I. Quanto a uma intervenção psicológica com a equipe, por meio de grupos, torna-se uma tarefa complexa para que a(o) profissional de psicologia hospitalar inserida(o) na equipe multiprofissional realize, considerando que esta(e) também é membro participante e compõe o modo de funcionamento do grupo.
II. O trabalho psicológico com a equipe multiprofissional deveria ser realizado pelo psicólogo clínico, com promoção de ações preventivas, analisando as configurações do trabalho, o ambiente físico em que a equipe está inserida, os relacionamentos interpessoais dos profissionais (relação chefia subordinados), realizando assim diagnósticos institucionais.

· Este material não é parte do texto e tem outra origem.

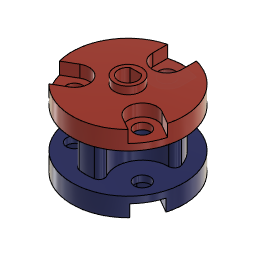
Rotor (Autodesk Fusion 360 design; units mm, degrees)
Autodesk Fusion 360 part; units mm, degrees
sketch "Sketch1" plane through (0, 0, 0) normal (0, 0, 1) x (1, 0, 0)
  circle A0 centre (0, 0) radius 15
  dimension "d1" = 30
  constraint coincident A0.centre origin
  measures "d1" diameter of A0
extrude "Extrude1" add sketch "Sketch1" along normal blind 5 contours A0 picked at (3.831549, 5.619851) makes body 1
sketch "Sketch2" plane through (0, 0, 5) normal (0, 0, 1) x (-1, 0, 0)
  circle A0 centre (0, 0) radius 15
  circle A1 centre (0, 0) radius 2.6
  circle A2 centre (0, 0) radius 3.6
  line L0 (0.004273, -1.599996) -> (2.049393, -1.599996)
  line L1 (0.004273, -1.599996) -> (-2.049393, -1.599996)
  dimension "d4" = 5.2
  dimension "d5" = 1
  constraint concentric A0 A1
  measures "d4" diameter of A1
extrude "Extrude2" add sketch "Sketch2" along normal blind 2 contours A2 picked at (-3.178319, -0.724982) bodies 1
extrude "Extrude3" cut 1 faces at (-0.716074, -0.488211, 5) along direction (0, 0, -1) blind 5 on bodies 1 bodies 1
sketch "Sketch3" plane through (0, 0, 5) normal (0, 0, 1) x (-1, 0, 0)
  circle A0 centre (0, 0) radius 15
  circle A1 centre (0, 0) radius 3.6
  arc A2 (0, -15) -> (12.990381, 7.5) centre (0, 0) ccw
  line L0 (0, 0) -> (0, -15) construction
  line L1 (0, 0) -> (12.990381, 7.5) construction
  arc A3 (-12.990381, 7.5) -> (0, -15) centre (0, 0) ccw
  line L2 (0, 0) -> (-12.990381, 7.5) construction
  line L3 (0, 0) -> (0, -15) construction
  circle A4 centre (0, -11.5) radius 3.5
  circle A5 centre (-9.959292, 5.75) radius 3.5
  line L4 (0, -11.5) -> (3.5, -11.5)
  line L5 (-3.5, -11.498985) -> (0.073703, -11.498985)
  line L6 (3.5, -11.5) -> (3.5, -14.585952)
  line L7 (-3.5, -11.5) -> (-3.5, -14.585952)
  line L8 (3.5, -11.5) -> (0, -8)
  line L9 (-3.5, -11.498985) -> (0, -8)
  arc A6 (0, -15) -> (12.990381, -7.5) centre (0, 0) ccw
  line L10 (0, 0) -> (0, -15) construction
  line L11 (0, 0) -> (12.990381, -7.5) construction
  line L12 (0, 0) -> (0, 15)
  line L13 (-8.209292, 8.781089) -> (-10.881805, 10.324065)
  circle A7 centre (-9.959292, 5.75) radius 3.5
  line L14 (-8.208413, 8.780581) -> (-9.995265, 5.685663)
  line L15 (-8.208413, 8.780581) -> (-6.928203, 4)
  line L16 (-11.709292, 2.718911) -> (-6.928203, 4)
  line L17 (-9.959292, 5.75) -> (-11.709292, 2.718911)
  line L18 (-11.709292, 2.718911) -> (-14.381805, 4.261887)
  circle A8 centre (9.959292, 5.75) radius 3.5
  line L19 (11.709292, 2.718911) -> (14.381805, 4.261887)
  line L20 (9.959292, 5.75) -> (11.709292, 2.718911)
  line L21 (11.709292, 2.718911) -> (6.928203, 4)
  line L22 (8.208413, 8.780581) -> (6.928203, 4)
  line L23 (8.208413, 8.780581) -> (9.995265, 5.685663)
  line L24 (8.209292, 8.781089) -> (10.881805, 10.324065)
  circle A9 centre (9.959292, 5.75) radius 2.25
  circle A10 centre (-9.959292, 5.75) radius 2.25
  circle A11 centre (0, -11.5) radius 2.25
  point P0 (0, -15)
  dimension "d10" = 120
  dimension "d11" = 120
  dimension "d12" = 7
  dimension "d14" = 7
  dimension "d15" = 60
  dimension "d18" = 4.5
  dimension "d19" = 4.5
  dimension "d20" = 4.5
  constraint coincident A0 P0
  constraint coincident P0 A2.start
  constraint coincident A0.centre A1.centre
  constraint coincident P0 A4
  constraint coincident A4.centre L4.start
  constraint coincident A4 L4.end
  constraint perpendicular L3 L4
  constraint horizontal L5
  constraint perpendicular L0 L5
  constraint vertical L6
  constraint symmetric L0 L4.end L7.start
  constraint coincident L3 L8.end
  constraint coincident A4 L8.end
  constraint coincident A0 L12.end
  constraint vertical L12
  constraint symmetric A5 L12 A8
  constraint concentric A5 A10
  measures "d10" angle of L0 L1
  measures "d11" angle of L2 L3
  measures "d12" diameter of A4
  measures "d14" diameter of A5
  measures "d15" angle of L10 L11
  measures "d18" diameter of A9
  measures "d19" diameter of A10
  measures "d20" diameter of A11
extrude "Extrude4" cut sketch "Sketch3" against normal blind 2 contours A0 A2 A8 L19 | A0 A8 L24 | A8 L20 L23 A9 | L20 L21 L22 L23 A9 | A8 L21 | A0 A2 A4 L6 A6 | A8 L22 | L20 L23 A9 | L20 L23 A9 | A0 A3 A4 L7 | A4 L4 L5 A11 | A4 L8 | L4 L5 L8 L9 A11 | A4 L9 | L4 L5 A11 | L4 L5 A11 | A0 A5 L13 A7 | A0 A3 A5 A7 L18 | A5 A7 L14 L17 A10 | L14 L15 L16 L17 A10 | A5 A7 L15 | A5 A7 L16 | L14 L17 A10 | L14 L17 A10 picked at (13.896299, 4.785613) picked at (11.214438, 9.606876) picked at (13.021218, 5.464336) picked at (7.653691, 4.418471) picked at (8.615201, 3.435118) picked at (2.712464, -14.515527) picked at (7.199952, 6.23225) picked at (8.941426, 6.846078) picked at (10.607678, 7.09766) picked at (-2.71258, -14.515426) picked at (-0.222289, -14.569344) picked at (1.883413, -9.122938) picked at (0.000337, -8.837526) picked at (-2.084639, -9.297057) picked at (-1.458441, -11.832237) picked at (-1.491575, -11.387223) picked at (-11.214583, 9.606826) picked at (-13.927047, 4.908701) picked at (-12.728453, 7.092403) picked at (-7.653523, 4.418764) picked at (-7.238682, 5.875074) picked at (-9.965869, 3.073208) picked at (-8.467382, 5.638053) picked at (-10.399735, 7.179237) bodies 1
extrude "Extrude5" cut sketch "Sketch3" against normal blind 5 contours L20 L23 A9 | L20 L23 A9 | L4 L5 A11 | L4 L5 A11 | L14 L17 A10 | L14 L17 A10 picked at (8.941426, 6.846078) picked at (10.607678, 7.09766) picked at (-1.458441, -11.832237) picked at (-1.491575, -11.387223) picked at (-8.467382, 5.638053) picked at (-10.399735, 7.179237) bodies 1
extrude "Extrude6" add sketch "Sketch2" against normal blind 5 contours A1 L0 L1 picked at (0.001424, -2.26244) bodies 1
extrude "Extrude7" add 1 faces at (0.602223, 1.689912, 5) along direction (0, 0, 1) blind 2 on bodies 1 bodies 1
sketch "Sketch4" plane through (0, 0, 0) normal (0, 0, -1) x (1, 0, 0)
  circle A0 centre (0, -11.5) radius 2.25
  circle A1 centre (9.959292, 5.75) radius 2.25
  circle A2 centre (-9.959292, 5.75) radius 2.25
  arc A3 (2.049393, -1.599996) -> (-2.049393, -1.599996) centre (0, 0) ccw
  line L0 (2.049393, -1.599996) -> (-2.049393, -1.599996)
  circle A4 centre (0, 0) radius 15
extrude "Extrude8" add sketch "Sketch4" against normal blind 7 contours A3 L0 picked at (0.587293, -0.429327) bodies 1
sketch "Sketch5" plane through (0, 0, 7) normal (0, 0, 1) x (-1, 0, 0)
  circle A0 centre (0, 0) radius 3.6
  circle A1 centre (0, 0) radius 2.575
  line L0 (0, 0) -> (0, 2.575)
  line L1 (0, 2.575) -> (0, -2.075)
  line L2 (0, -2.075) -> (7, -2.075)
  line L3 (7, -2.075) -> (0, -2.075)
  line L4 (-5.579458, -2.075) -> (0, -2.075)
  dimension "d30" = 5.15
  dimension "d31" = 4.65
  constraint concentric A0 A1
  constraint coincident A0.centre A1.centre
  constraint coincident A1 L0.end
  constraint vertical L0
  constraint parallel L0 L1
  constraint perpendicular L1 L2
  constraint perpendicular L1 L4
  measures "d30" diameter of A1
  measures "d31" distance of L0.end L1.end
extrude "Extrude9" cut sketch "Sketch5" against normal blind 7 contours A1 L0 L1 L4 | A1 L0 L1 L2 L3 picked at (-0.508265, -1.383333) picked at (0.508265, -1.383333) bodies 1
sketch "Sketch6" plane through (0, 0, 0) normal (0, 0, -1) x (1, 0, 0)
  line L0 (1.524795, -2.075) -> (-1.524795, -2.075)
  arc A0 (1.524795, -2.075) -> (-1.524795, -2.075) centre (0, 0) ccw
  circle A1 centre (0, -11.5) radius 2.25
  circle A2 centre (9.959292, 5.75) radius 2.25
  circle A3 centre (-9.959292, 5.75) radius 2.25
  circle A4 centre (0, 0) radius 15
  circle A5 centre (0, 0) radius 2.575
  circle A6 centre (0, 0) radius 3.575
  dimension "d34" = 1
  constraint coincident A0.centre A4.centre
extrude "Extrude10" add sketch "Sketch6" along normal blind 10 separate body contours L0 A5 | L0 A0 A5 | A6 picked at (0.406148, -2.139494) picked at (-0.543001, 0.409482) picked at (-3.0114, 1.181824) makes body 2
sketch "Sketch7" plane through (0, 0, -10) normal (0, 0, -1) x (1, 0, 0)
  circle A0 centre (0, 0) radius 3.575
  circle A1 centre (0, 0) radius 15
  dimension "d37" = 30
  constraint coincident A0.centre A1.centre
  measures "d37" diameter of A1
extrude "Extrude11" add sketch "Sketch7" along normal blind 5 contours A0 | A1 picked at (-1.243849, -0.464547) picked at (11.122511, -0.92282) bodies 2
sketch "Sketch8" plane through (0, 0, 0) normal (0, 0, -1) x (1, 0, 0)
  line L0 (1.524795, -2.075) -> (-1.524795, -2.075)
  arc A0 (1.524795, -2.075) -> (-1.524795, -2.075) centre (0, 0) ccw
  circle A1 centre (0, -11.5) radius 2.25
  circle A2 centre (9.959292, 5.75) radius 2.25
  circle A3 centre (-9.959292, 5.75) radius 2.25
  circle A4 centre (0, 0) radius 15
extrude "Extrude12" cut sketch "Sketch8" along normal blind 22 contours A1 | A2 | A3 picked at (0.642406, -11.395654) picked at (10.453033, 5.512227) picked at (-11.028245, 5.848384) bodies 2
sketch "Sketch9" plane through (0, 0, -15) normal (0, 0, -1) x (1, 0, 0)
  circle A0 centre (9.959292, 5.75) radius 2.25
  circle A1 centre (-9.959292, 5.75) radius 2.25
  circle A2 centre (0, -11.5) radius 2.25
  circle A3 centre (0, 0) radius 15
  circle A4 centre (0, -11.5) radius 3.5
  line L0 (-3.491404, -11.74515) -> (-3.491404, -14.588012)
  line L1 (3.491404, -11.74515) -> (3.491404, -14.588012)
  dimension "d42" = 1.25
  constraint vertical L0
extrude "Extrude13" cut sketch "Sketch9" against normal blind 2 contours A3 A4 L0 | A3 A4 L1 | A4 picked at (-2.795512, -14.431964) picked at (2.795512, -14.431964) picked at (-3.043001, -11.043038) bodies 2
sketch "Sketch10" plane through (0, 0, -15) normal (0, 0, -1) x (1, 0, 0)
  line L0 (3.491404, -11.74515) -> (3.491404, -14.588012)
  arc A0 (3.491404, -14.588012) -> (-3.491404, -14.588012) centre (0, 0) ccw
  line L1 (-3.491404, -14.588012) -> (-3.491404, -11.74515)
  arc A1 (3.491404, -11.74515) -> (-3.491404, -11.74515) centre (0, -11.5) ccw
  circle A2 centre (9.959292, 5.75) radius 2.25
  circle A3 centre (-9.959292, 5.75) radius 2.25
  circle A4 centre (9.959292, 5.75) radius 3.5
  line L2 (11.462802, 2.589389) -> (14.453488, 4.012066)
  line L3 (7.973878, 8.632383) -> (10.701295, 10.511055)
  dimension "d45" = 1.25
  constraint tangent A4 L2
extrude "Extrude14" cut sketch "Sketch10" against normal blind 2 contours A0 A4 L2 | A0 A4 L3 | A4 picked at (13.946432, 4.667869) picked at (10.993121, 9.749366) picked at (7.187387, 4.414504) bodies 2
sketch "Sketch11" plane through (0, 0, -15) normal (0, 0, -1) x (1, 0, 0)
  line L0 (7.973878, 8.632383) -> (10.701295, 10.511055)
  arc A0 (10.701295, 10.511055) -> (-3.491404, -14.588012) centre (0, 0) ccw
  line L1 (-3.491404, -14.588012) -> (-3.491404, -11.74515)
  arc A1 (3.491404, -11.74515) -> (-3.491404, -11.74515) centre (0, -11.5) ccw
  line L2 (3.491404, -11.74515) -> (3.491404, -14.588012)
  arc A2 (3.491404, -14.588012) -> (14.453488, 4.012066) centre (0, 0) ccw
  line L3 (14.453488, 4.012066) -> (11.462802, 2.589389)
  arc A3 (7.973878, 8.632383) -> (11.462802, 2.589389) centre (9.959292, 5.75) ccw
  circle A4 centre (-9.959292, 5.75) radius 2.25
  circle A5 centre (-9.959292, 5.75) radius 3.5
  line L4 (-8.338485, 8.852093) -> (-10.972053, 10.228102)
  line L5 (-9.959292, 5.75) -> (-11.907849, 6.875)
  line L6 (-11.83538, 2.795293) -> (-14.343822, 4.388025)
  dimension "d48" = 1.25
  constraint tangent A5 L4
extrude "Extrude15" cut sketch "Sketch11" against normal blind 2 contours A0 A5 L4 | A0 A5 L6 | A5 picked at (-11.284058, 9.544525) picked at (-13.90783, 5.000018) picked at (-11.411346, 3.036744) bodies 2
sketch "Sketch12" plane through (0, 0, 7) normal (0, 0, 1) x (-1, 0, 0)
  line L0 (1.524795, -2.075) -> (-1.524795, -2.075)
  arc A0 (1.524795, -2.075) -> (-1.524795, -2.075) centre (0, 0) ccw
  circle A1 centre (0, 0) radius 3.6
extrude "Extrude16" cut sketch "Sketch12" against normal blind 22 contours L0 A0 picked at (0.664347, -0.839845) bodies 2
sketch "Sketch13" plane through (0, 0, -15) normal (0, 0, -1) x (1, 0, 0)
  line L0 (1.524795, -2.075) -> (-1.524795, -2.075)
  arc A0 (1.524795, -2.075) -> (-1.524795, -2.075) centre (0, 0) ccw
  line L1 (-10.972053, 10.228102) -> (-8.338485, 8.852093)
  arc A1 (-11.83538, 2.795293) -> (-8.338485, 8.852093) centre (-9.959292, 5.75) ccw
  line L2 (-11.83538, 2.795293) -> (-14.343822, 4.388025)
  arc A2 (-14.343822, 4.388025) -> (-3.491404, -14.588012) centre (0, 0) ccw
  line L3 (-3.491404, -14.588012) -> (-3.491404, -11.74515)
  arc A3 (3.491404, -11.74515) -> (-3.491404, -11.74515) centre (0, -11.5) ccw
  line L4 (3.491404, -11.74515) -> (3.491404, -14.588012)
  arc A4 (3.491404, -14.588012) -> (14.453488, 4.012066) centre (0, 0) ccw
  line L5 (14.453488, 4.012066) -> (11.462802, 2.589389)
  arc A5 (7.973878, 8.632383) -> (11.462802, 2.589389) centre (9.959292, 5.75) ccw
  line L6 (7.973878, 8.632383) -> (10.701295, 10.511055)
  arc A6 (10.701295, 10.511055) -> (-10.972053, 10.228102) centre (0, 0) ccw
  circle A7 centre (0, 0) radius 2.575
  circle A8 centre (0, 0) radius 4.075
  dimension "d53" = 1.5
  constraint concentric A0 A7
extrude "Extrude17" add sketch "Sketch13" along normal blind 1.5 contours A8 picked at (-3.320824, 1.303264) bodies 2
extrude "Extrude18" cut 1 faces at (0.406148, 2.139494, -15) along direction (0, 0, 1) blind 2.5 on bodies 2 bodies 2
extrude "Extrude19" add 3 faces at (-3.003329, 12.936467, -13) (9.377931, -9.029009, -13) (-12.665844, -3.888616, -13) along direction (0, 0, -1) blind 2 on bodies 2 bodies 2
sketch "Sketch14" plane through (0, 0, 0) normal (0, 0, -1) x (1, 0, 0)
  line L0 (1.524795, -2.075) -> (-1.524795, -2.075)
  arc A0 (1.524795, -2.075) -> (-1.524795, -2.075) centre (0, 0) ccw
  circle A1 centre (0, -11.5) radius 2.25
  circle A2 centre (9.959292, 5.75) radius 2.25
  circle A3 centre (-9.959292, 5.75) radius 2.25
  circle A4 centre (0, 0) radius 15
extrude "Extrude20" add sketch "Sketch14" against normal blind 3 contours A1 | A2 | A3 picked at (0.642406, -11.395654) picked at (10.453033, 5.512227) picked at (-11.028245, 5.848384) bodies 1
extrude "Extrude21" add 3 faces at (0, 12.666328, 3) (-10.438211, -4.978905, 3) (10.969655, -6.333333, 3) along direction (0, 0, 1) blind 2 on bodies 1 bodies 1
sketch "Sketch15" plane through (0, 0, -15) normal (0, 0, -1) x (1, 0, 0)
  circle A0 centre (-9.959292, 5.75) radius 2.25
  circle A1 centre (0, -11.5) radius 2.25
  circle A2 centre (9.959292, 5.75) radius 2.25
  circle A3 centre (0, 0) radius 15
  circle A4 centre (0, 0) radius 4.075
extrude "Extrude22" add sketch "Sketch15" against normal blind 5 contours A0 | A1 | A2 picked at (-11.028245, 5.848384) picked at (0.642406, -11.395654) picked at (10.383143, 5.424587) bodies 2
extrude "Extrude23" add 1 faces at (-3.320824, -1.303264, -16.5) along direction (0, 0, -1) blind 0.5 on bodies 2 bodies 2
sketch "Sketch16" plane through (0, 0, 5) normal (0, 0, 1) x (-1, 0, 0)
  circle A0 centre (0, 0) radius 3.6
  circle A1 centre (0, 0) radius 15
  line L0 (0, -15) -> (0, -10.5)
  circle A2 centre (0, -10.5) radius 2.125
  circle A3 centre (0, -10.5) radius 3.875
  line L1 (0, -10.5) -> (-3.875, -10.5)
  line L2 (-3.875, -10.5) -> (-3.875, -14.490838)
  line L3 (0, -10.5) -> (3.875, -10.5)
  line L4 (3.875, -10.5) -> (3.875, -14.490838)
  circle A4 centre (9.093267, 5.25) radius 3.875
  circle A5 centre (9.093267, 5.25) radius 2.125
  line L5 (11.030767, 1.894152) -> (14.486934, 3.88957)
  line L6 (9.093267, 5.25) -> (11.030767, 1.894152)
  line L7 (9.093267, 5.25) -> (7.155767, 8.605848)
  line L8 (7.155767, 8.605848) -> (10.611934, 10.601267)
  line L9 (12.990381, 7.5) -> (9.093267, 5.25)
  circle A6 centre (-9.093267, 5.25) radius 3.875
  circle A7 centre (-9.093267, 5.25) radius 2.125
  line L10 (-7.155767, 8.605848) -> (-10.611934, 10.601267)
  line L11 (-9.093267, 5.25) -> (-7.155767, 8.605848)
  line L12 (-9.093267, 5.25) -> (-11.030767, 1.894152)
  line L13 (-11.030767, 1.894152) -> (-14.486934, 3.88957)
  line L14 (-12.990381, 7.5) -> (-9.093267, 5.25)
  dimension "d68" = 4.5
  dimension "d69" = 4.25
  dimension "d70" = 7.75
  dimension "d72" = 360
  constraint coincident A1 L0.start
  constraint vertical L0
  constraint coincident L0.end A2.centre
  constraint coincident A3 L1.end
  constraint perpendicular L0 L1
  constraint tangent A3 L2
  constraint coincident A3 L3.end
  constraint perpendicular L0 L3
  constraint tangent A3 L4
  measures "d68" distance of L0.start L0.end
  measures "d69" diameter of A2
  measures "d70" diameter of A3
extrude "Extrude24" cut sketch "Sketch16" against normal blind 3.25 contours A1 A4 L5 L9 | A1 L0 A3 L4 | A1 A4 L8 L9 | A4 A5 L6 L9 | A4 A5 L6 L7 | A1 L0 A3 L2 | A2 A3 L1 L3 | L0 A2 A3 L3 | A4 A5 L7 L9 | L0 A2 A3 L1 | A1 A6 L10 L14 | A1 A6 L13 L14 | A6 A7 L11 L14 | A6 A7 L11 L12 | A6 A7 L12 L14 picked at (13.835196, 4.565686) picked at (3.004119, -14.230785) picked at (10.822162, 9.717036) picked at (12.362595, 4.951915) picked at (10.565166, 2.315571) picked at (-3.004119, -14.230785) picked at (2.816229, -8.812927) picked at (2.357361, -12.785898) picked at (8.964615, 8.531147) picked at (-0.183823, -13.778519) picked at (-10.822162, 9.717036) picked at (-13.826281, 4.51375) picked at (-11.783989, 7.132151) picked at (-5.816027, 5.057487) picked at (-10.975418, 2.559278) bodies 1
extrude "Extrude25" cut 3 faces at (8.757496, -4.696203, 5) (-1.276122, 10.845562, 5) (-9.630289, -4.650268, 5) along direction (0, 0, -1) blind 39 on bodies 1 bodies 1 2
sketch "Sketch17" plane through (0, 0, -15) normal (0, 0, -1) x (1, 0, 0)
  circle A0 centre (0, -10.5) radius 2.125
  circle A1 centre (9.093267, 5.25) radius 2.125
  circle A2 centre (-9.093267, 5.25) radius 2.125
  circle A3 centre (0, 0) radius 15
  circle A4 centre (0, 0) radius 4.075
  line L0 (3.55, -8.450407) -> (0, -6.400813)
  line L1 (0, -6.400813) -> (-3.55, -8.450407)
  line L2 (-3.55, -8.450407) -> (-3.55, -12.549593)
  line L3 (-3.55, -12.549593) -> (0, -14.599187)
  line L4 (0, -14.599187) -> (3.55, -12.549593)
  line L5 (3.55, -12.549593) -> (3.55, -8.450407)
  line L6 (-3.55, -12.549593) -> (-3.55, -14.573864)
  line L7 (3.55, -12.549593) -> (3.55, -14.573864)
  line L8 (12.643267, 3.200407) -> (14.396336, 4.212542)
  line L9 (9.093267, 1.150813) -> (12.643267, 3.200407)
  line L10 (5.543267, 3.200407) -> (9.093267, 1.150813)
  line L11 (5.543267, 7.299593) -> (5.543267, 3.200407)
  line L12 (9.093267, 9.349187) -> (5.543267, 7.299593)
  line L13 (9.093267, 9.349187) -> (10.846336, 10.361322)
  line L14 (12.643267, 7.299593) -> (9.093267, 9.349187)
  line L15 (12.643267, 3.200407) -> (12.643267, 7.299593)
  line L16 (-9.093267, 9.349187) -> (-10.846336, 10.361322)
  line L17 (-5.543267, 7.299593) -> (-9.093267, 9.349187)
  line L18 (-5.543267, 3.200407) -> (-5.543267, 7.299593)
  line L19 (-9.093267, 1.150813) -> (-5.543267, 3.200407)
  line L20 (-12.643267, 3.200407) -> (-9.093267, 1.150813)
  line L21 (-12.643267, 3.200407) -> (-14.396336, 4.212542)
  line L22 (-12.643267, 7.299593) -> (-12.643267, 3.200407)
  line L23 (-9.093267, 9.349187) -> (-12.643267, 7.299593)
  point P0 (0, -10.5)
  dimension "d77" = 3.55
  dimension "d79" = 360
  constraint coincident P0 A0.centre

III. No caso do paciente e da família, o psicólogo hospitalar irá realizar uma avaliação inicial para identificar as demandas a serem trabalhadas, focalizando os aspectos psicológicos decorrentes do adoecimento e os impactos gerados.
IV. Há uma dificuldade para o psicólogo hospitalar utilizar protocolos de saúde, pois a psicologia trabalha com a subjetividade do paciente/família. Dessa forma, não é possível medir e sistematizar os aspectos emocionais da subjetividade humana.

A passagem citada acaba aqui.